--- Extracted entries Enclosed Below ---

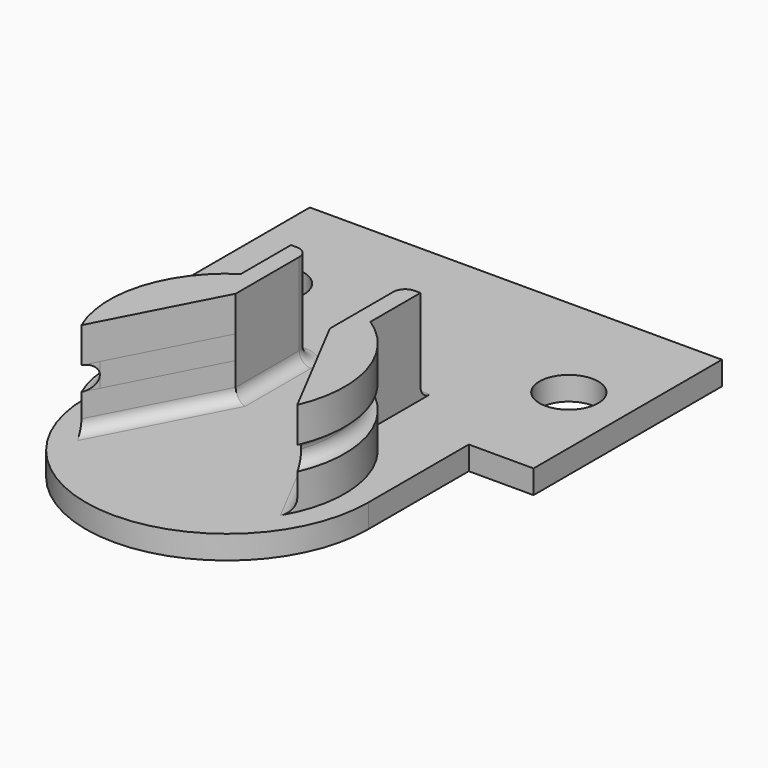
from build123d import *

# Parameters (mm, degrees)
F1_DEPTH     = 2
F3_DEPTH     = 3
F5_DEPTH     = 2
F7_DEPTH     = 3
F8_T4_ANGLE  = 102.3969146675
F8_T10_ANGLE = 102.3969146675
F8_T16_ANGLE = 102.3969146675
F8_T22_ANGLE = 102.3969146675
F8_T26_ANGLE = 121.7069479791
F8_T28_ANGLE = 121.7069479791
F8_T30_ANGLE = 121.7069479791
F8_T32_ANGLE = 121.7069479791
F9_W         = 24
F9_H         = 22.6653645039
F10_DEPTH    = 10
F11_R        = 2.5
F12_DEPTH    = 2
F13_R        = 1


# Not quite as in the source:
# - a fillet or chamfer that OpenCascade refuses, or shapes differently, is made with other operations: its cross-section is extruded or revolved along the edge and cut away or added


with BuildPart() as f1:
    # F0 (on Top) → F1 (new body)
    with BuildSketch(Plane.XY):
        with BuildLine():
            ThreePointArc((5.5, 1.5), (0, 24.1653645039), (-5.5, 1.5))
            Line((-5.5, 1.5), (-5.5, -1.5))
            ThreePointArc((-5.5, -1.5), (0, -24.1653645039), (5.5, -1.5))
            Line((5.5, -1.5), (5.5, 1.5))
        make_face()
    extrude(amount=F1_DEPTH)

    # F2 (on face) → F3 (join)
    with BuildSketch(Plane.XY.offset(2)):
        with BuildLine():
            Line((9.7844830762, 19.1125863177), (8.6602540378, 17.1653645039))
            ThreePointArc((8.6602540378, 17.1653645039), (9.4991255677, 9.0402063559), (4, 3.0002131139))
            Line((4, 3.0002131139), (4, -6.2432010007))
            Line((4, -6.2432010007), (9.1651513899, -16.1653645039))
            ThreePointArc((9.1651513899, -16.1653645039), (9.5868378212, -9.3206253964), (5.5, -3.8137179596))
            Line((5.5, -3.8137179596), (5.5, 1.5))
            ThreePointArc((5.5, 1.5), (11.6599594736, 9.3289327537), (9.7844830762, 19.1125863177))
        make_face()
        with BuildLine():
            ThreePointArc((-4, 3.0002131139), (-9.4991255677, 9.0402063559), (-8.6602540378, 17.1653645039))
            Line((-8.6602540378, 17.1653645039), (-9.7844830762, 19.1125863177))
            ThreePointArc((-9.7844830762, 19.1125863177), (-11.6599594736, 9.3289327537), (-5.5, 1.5))
            Line((-5.5, 1.5), (-5.5, -3.8137179596))
            ThreePointArc((-5.5, -3.8137179596), (-9.5868378212, -9.3206253964), (-9.1651513899, -16.1653645039))
            Line((-9.1651513899, -16.1653645039), (-4, -6.2432010007))
            Line((-4, -6.2432010007), (-4, 3.0002131139))
        make_face()
    extrude(amount=F3_DEPTH)

    # F4 (on face) → F5 (join)
    with BuildSketch(Plane.XY.offset(5)):
        with BuildLine():
            Line((-8.0717844057, 16.1461052023), (-9.7844830762, 19.1125863177))
            ThreePointArc((-9.7844830762, 19.1125863177), (-11.6599594736, 9.3289327537), (-5.5, 1.5))
            Line((-5.5, 1.5), (-5.5, -5.0414610795))
            ThreePointArc((-5.5, -5.0414610795), (-8.6043935433, -9.5263473097), (-8.5483759414, -14.980549891))
            Line((-8.5483759414, -14.980549891), (-4, -6.2432010007))
            Line((-4, -6.2432010007), (-4, 4.1031067556))
            ThreePointArc((-4, 4.1031067556), (-8.5258693153, 9.2827350759), (-8.0717844057, 16.1461052023))
        make_face()
        with BuildLine():
            ThreePointArc((5.5, 1.5), (11.6599594736, 9.3289327537), (9.7844830762, 19.1125863177))
            Line((9.7844830762, 19.1125863177), (8.0717844057, 16.1461052023))
            ThreePointArc((8.0717844057, 16.1461052023), (8.5258693153, 9.2827350759), (4, 4.1031067556))
            Line((4, 4.1031067556), (4, -6.2432010007))
            Line((4, -6.2432010007), (8.5483759414, -14.980549891))
            ThreePointArc((8.5483759414, -14.980549891), (8.6043935433, -9.5263473097), (5.5, -5.0414610795))
            Line((5.5, -5.0414610795), (5.5, 1.5))
        make_face()
    extrude(amount=F5_DEPTH)

    # F6 (on face) → F7 (join)
    with BuildSketch(Plane.XY.offset(7)):
        with BuildLine():
            Line((9.7844830762, 19.1125863177), (8.6602540378, 17.1653645039))
            ThreePointArc((8.6602540378, 17.1653645039), (9.4991255677, 9.0402063559), (4, 3.0002131139))
            Line((4, 3.0002131139), (4, -6.2432010007))
            Line((4, -6.2432010007), (9.1651513899, -16.1653645039))
            ThreePointArc((9.1651513899, -16.1653645039), (9.5868378212, -9.3206253964), (5.5, -3.8137179596))
            Line((5.5, -3.8137179596), (5.5, 1.5))
            ThreePointArc((5.5, 1.5), (11.6599594736, 9.3289327537), (9.7844830762, 19.1125863177))
        make_face()
        with BuildLine():
            ThreePointArc((-4, 3.0002131139), (-9.4991255677, 9.0402063559), (-8.6602540378, 17.1653645039))
            Line((-8.6602540378, 17.1653645039), (-9.7844830762, 19.1125863177))
            ThreePointArc((-9.7844830762, 19.1125863177), (-11.6599594736, 9.3289327537), (-5.5, 1.5))
            Line((-5.5, 1.5), (-5.5, -3.8137179596))
            ThreePointArc((-5.5, -3.8137179596), (-9.5868378212, -9.3206253964), (-9.1651513899, -16.1653645039))
            Line((-9.1651513899, -16.1653645039), (-4, -6.2432010007))
            Line((-4, -6.2432010007), (-4, 3.0002131139))
        make_face()
    extrude(amount=F7_DEPTH)

    # F8: fillet of radius 1 on 8 edges, made by hand


with BuildPart() as f8_tool2:
    # F8_s3 → F8_t4 (revolve)
    with BuildSketch(Plane(origin=(-4.1871135562, -1.6705281924, 0), x_dir=(0, 0, 1), z_dir=(0.9288065548, 0.3705649522, 0))):
        with BuildLine():
            ThreePointArc((6, 2.2992702923), (5.2928932188, 2.0063770734), (5, 1.2992702923))
            Line((5, 1.2992702923), (5, 2.2992702923))
            Line((5, 2.2992702923), (6, 2.2992702923))
        make_face()
    revolve(axis=Axis((0, -12.1653645039, 5), (0, 0, 1)), revolution_arc=F8_T4_ANGLE)

    split(bisect_by=Plane(origin=(-0.5900874414, 0.3071800789, 0), x_dir=(0, 0, 1), z_dir=(-0.8870108332, 0.4617486132, 0)), keep=Keep.TOP)

    split(bisect_by=Plane.YZ.offset(-4), keep=Keep.BOTTOM)


with BuildPart() as f1_1:
    add(f1.part)

    # F8_t1: union F8_tool2
    add(f8_tool2.part)


with BuildPart() as f8_tool8:
    # F8_s9 → F8_t10 (revolve)
    with BuildSketch(Plane(origin=(-4.1871135562, -1.6705281924, 0), x_dir=(0, 0, 1), z_dir=(0.9288065548, 0.3705649522, 0))):
        with BuildLine():
            ThreePointArc((7, 1.2992702923), (6.7071067812, 2.0063770734), (6, 2.2992702923))
            Line((6, 2.2992702923), (7, 2.2992702923))
            Line((7, 2.2992702923), (7, 1.2992702923))
        make_face()
    revolve(axis=Axis((0, -12.1653645039, 7), (0, 0, 1)), revolution_arc=F8_T10_ANGLE)

    split(bisect_by=Plane(origin=(-0.5900874414, 0.3071800789, 0), x_dir=(0, 0, 1), z_dir=(-0.8870108332, 0.4617486132, 0)), keep=Keep.TOP)

    split(bisect_by=Plane.YZ.offset(-4), keep=Keep.BOTTOM)


with BuildPart() as f1_2:
    add(f1_1.part)

    # F8_t7: union F8_tool8
    add(f8_tool8.part)


with BuildPart() as f8_tool14:
    # F8_s15 → F8_t16 (revolve)
    with BuildSketch(Plane(origin=(-5.6514123525, -8.3322514997, 0), x_dir=(0, 0, 1), z_dir=(-0.561323531, -0.8275964557, 0))):
        with BuildLine():
            ThreePointArc((6, -15.828705359), (6.7071067812, -16.1215985778), (7, -16.828705359))
            Line((7, -16.828705359), (7, -15.828705359))
            Line((7, -15.828705359), (6, -15.828705359))
        make_face()
    revolve(axis=Axis((0, -12.1653645039, 7), (0, 0, 1)), revolution_arc=F8_T16_ANGLE)

    split(bisect_by=Plane.YZ.offset(4), keep=Keep.TOP)

    split(bisect_by=Plane(origin=(0.5900874414, 0.3071800789, 0), x_dir=(0, 0, 1), z_dir=(0.8870108332, 0.4617486132, 0)), keep=Keep.TOP)


with BuildPart() as f1_3:
    add(f1_2.part)

    # F8_t13: union F8_tool14
    add(f8_tool14.part)


with BuildPart() as f8_tool20:
    # F8_s21 → F8_t22 (revolve)
    with BuildSketch(Plane(origin=(-5.6514123525, -8.3322514997, 0), x_dir=(0, 0, 1), z_dir=(-0.561323531, -0.8275964557, 0))):
        with BuildLine():
            ThreePointArc((5, -16.828705359), (5.2928932188, -16.1215985778), (6, -15.828705359))
            Line((6, -15.828705359), (5, -15.828705359))
            Line((5, -15.828705359), (5, -16.828705359))
        make_face()
    revolve(axis=Axis((0, -12.1653645039, 5), (0, 0, 1)), revolution_arc=F8_T22_ANGLE)

    split(bisect_by=Plane.YZ.offset(4), keep=Keep.TOP)

    split(bisect_by=Plane(origin=(0.5900874414, 0.3071800789, 0), x_dir=(0, 0, 1), z_dir=(0.8870108332, 0.4617486132, 0)), keep=Keep.TOP)


with BuildPart() as f1_4:
    add(f1_3.part)

    # F8_t19: union F8_tool20
    add(f8_tool20.part)

    # F8_s25 → F8_t26 (revolve, cut)
    with BuildSketch(Plane(origin=(-6.0530874143, 6.6819786169, 0), x_dir=(0, 0, 1), z_dir=(-0.6713698624, 0.7411224648, 0))):
        with BuildLine():
            ThreePointArc((7, 18.1674590926), (6.7071067812, 17.4603523114), (6, 17.1674590926))
            Line((6, 17.1674590926), (7, 17.1674590926))
            Line((7, 17.1674590926), (7, 18.1674590926))
        make_face()
    revolve(axis=Axis((0, 12.1653645039, 7), (0, 0, -1)), revolution_arc=F8_T26_ANGLE, mode=Mode.SUBTRACT)

    # F8_s27 → F8_t28 (revolve, cut)
    with BuildSketch(Plane(origin=(-2.1730837017, 0.4014208952, 0), x_dir=(0, 0, 1), z_dir=(0.9833630917, -0.1816508459, 0))):
        with BuildLine():
            ThreePointArc((6, -2.9629704506), (6.7071067812, -2.6700772318), (7, -1.9629704506))
            Line((7, -1.9629704506), (7, -2.9629704506))
            Line((7, -2.9629704506), (6, -2.9629704506))
        make_face()
    revolve(axis=Axis((0, 12.1653645039, 7), (0, 0, -1)), revolution_arc=F8_T28_ANGLE, mode=Mode.SUBTRACT)

    # F8_s29 → F8_t30 (revolve, cut)
    with BuildSketch(Plane(origin=(-2.1730837017, 0.4014208952, 0), x_dir=(0, 0, 1), z_dir=(0.9833630917, -0.1816508459, 0))):
        with BuildLine():
            ThreePointArc((5, -1.9629704506), (5.2928932188, -2.6700772318), (6, -2.9629704506))
            Line((6, -2.9629704506), (5, -2.9629704506))
            Line((5, -2.9629704506), (5, -1.9629704506))
        make_face()
    revolve(axis=Axis((0, 12.1653645039, 5), (0, 0, -1)), revolution_arc=F8_T30_ANGLE, mode=Mode.SUBTRACT)

    # F8_s31 → F8_t32 (revolve, cut)
    with BuildSketch(Plane(origin=(-6.0530874143, 6.6819786169, 0), x_dir=(0, 0, 1), z_dir=(-0.6713698624, 0.7411224648, 0))):
        with BuildLine():
            ThreePointArc((6, 17.1674590926), (5.2928932188, 17.4603523114), (5, 18.1674590926))
            Line((5, 18.1674590926), (5, 17.1674590926))
            Line((5, 17.1674590926), (6, 17.1674590926))
        make_face()
    revolve(axis=Axis((0, 12.1653645039, 5), (0, 0, -1)), revolution_arc=F8_T32_ANGLE, mode=Mode.SUBTRACT)

    # F9 (on face) → F10 (cut)
    with BuildSketch(Plane.XY.offset(10)):
        with Locations((0, 12.8326822519)):
            Rectangle(F9_W, F9_H)
    extrude(amount=-F10_DEPTH, mode=Mode.SUBTRACT)

    # F11 (on face) → F12 (join)
    with BuildSketch(Plane(origin=(0, 0, 0), x_dir=(1, 0, 0), z_dir=(0, 0, -1))):
        Polygon((12, 1.5), (12, 12.1653645039), (-12, 12.1653645039), (-12, 1.5), (-17.5, 1.5), (-17.5, -18.5), (17.5, -18.5), (17.5, 1.5), align=None)
        with Locations((-12.5, -8.5)):
            Circle(F11_R, mode=Mode.SUBTRACT)
        with Locations((12.5, -8.5)):
            Circle(F11_R, mode=Mode.SUBTRACT)
    extrude(amount=-F12_DEPTH)

    # F13
    f13_edges = [f1_4.edges().sort_by_distance(p)[0] for p in [
        (-4, 1.5, 6),
        (4, 1.5, 6),
        (4.75, 1.5, 2),
        (-4.75, 1.5, 2),
        (6.582576, -11.204283, 2),
        (-6.582576, -11.204283, 2),
        (-4, -2.371601, 2),
        (4, -2.371601, 2),
    ]]
    fillet(f13_edges, radius=F13_R)


solid = f1_4.part

--- End of Enclosed Extracted entries ---

| Task to complete |
Where the material contains a line with "Mode", return that line.

| Exercise result |
    revolve(axis=Axis((0, 12.1653645039, 7), (0, 0, -1)), revolution_arc=F8_T26_ANGLE, mode=Mode.SUBTRACT)
    revolve(axis=Axis((0, 12.1653645039, 7), (0, 0, -1)), revolution_arc=F8_T28_ANGLE, mode=Mode.SUBTRACT)
    revolve(axis=Axis((0, 12.1653645039, 5), (0, 0, -1)), revolution_arc=F8_T30_ANGLE, mode=Mode.SUBTRACT)
    revolve(axis=Axis((0, 12.1653645039, 5), (0, 0, -1)), revolution_arc=F8_T32_ANGLE, mode=Mode.SUBTRACT)
    extrude(amount=-F10_DEPTH, mode=Mode.SUBTRACT)
            Circle(F11_R, mode=Mode.SUBTRACT)
            Circle(F11_R, mode=Mode.SUBTRACT)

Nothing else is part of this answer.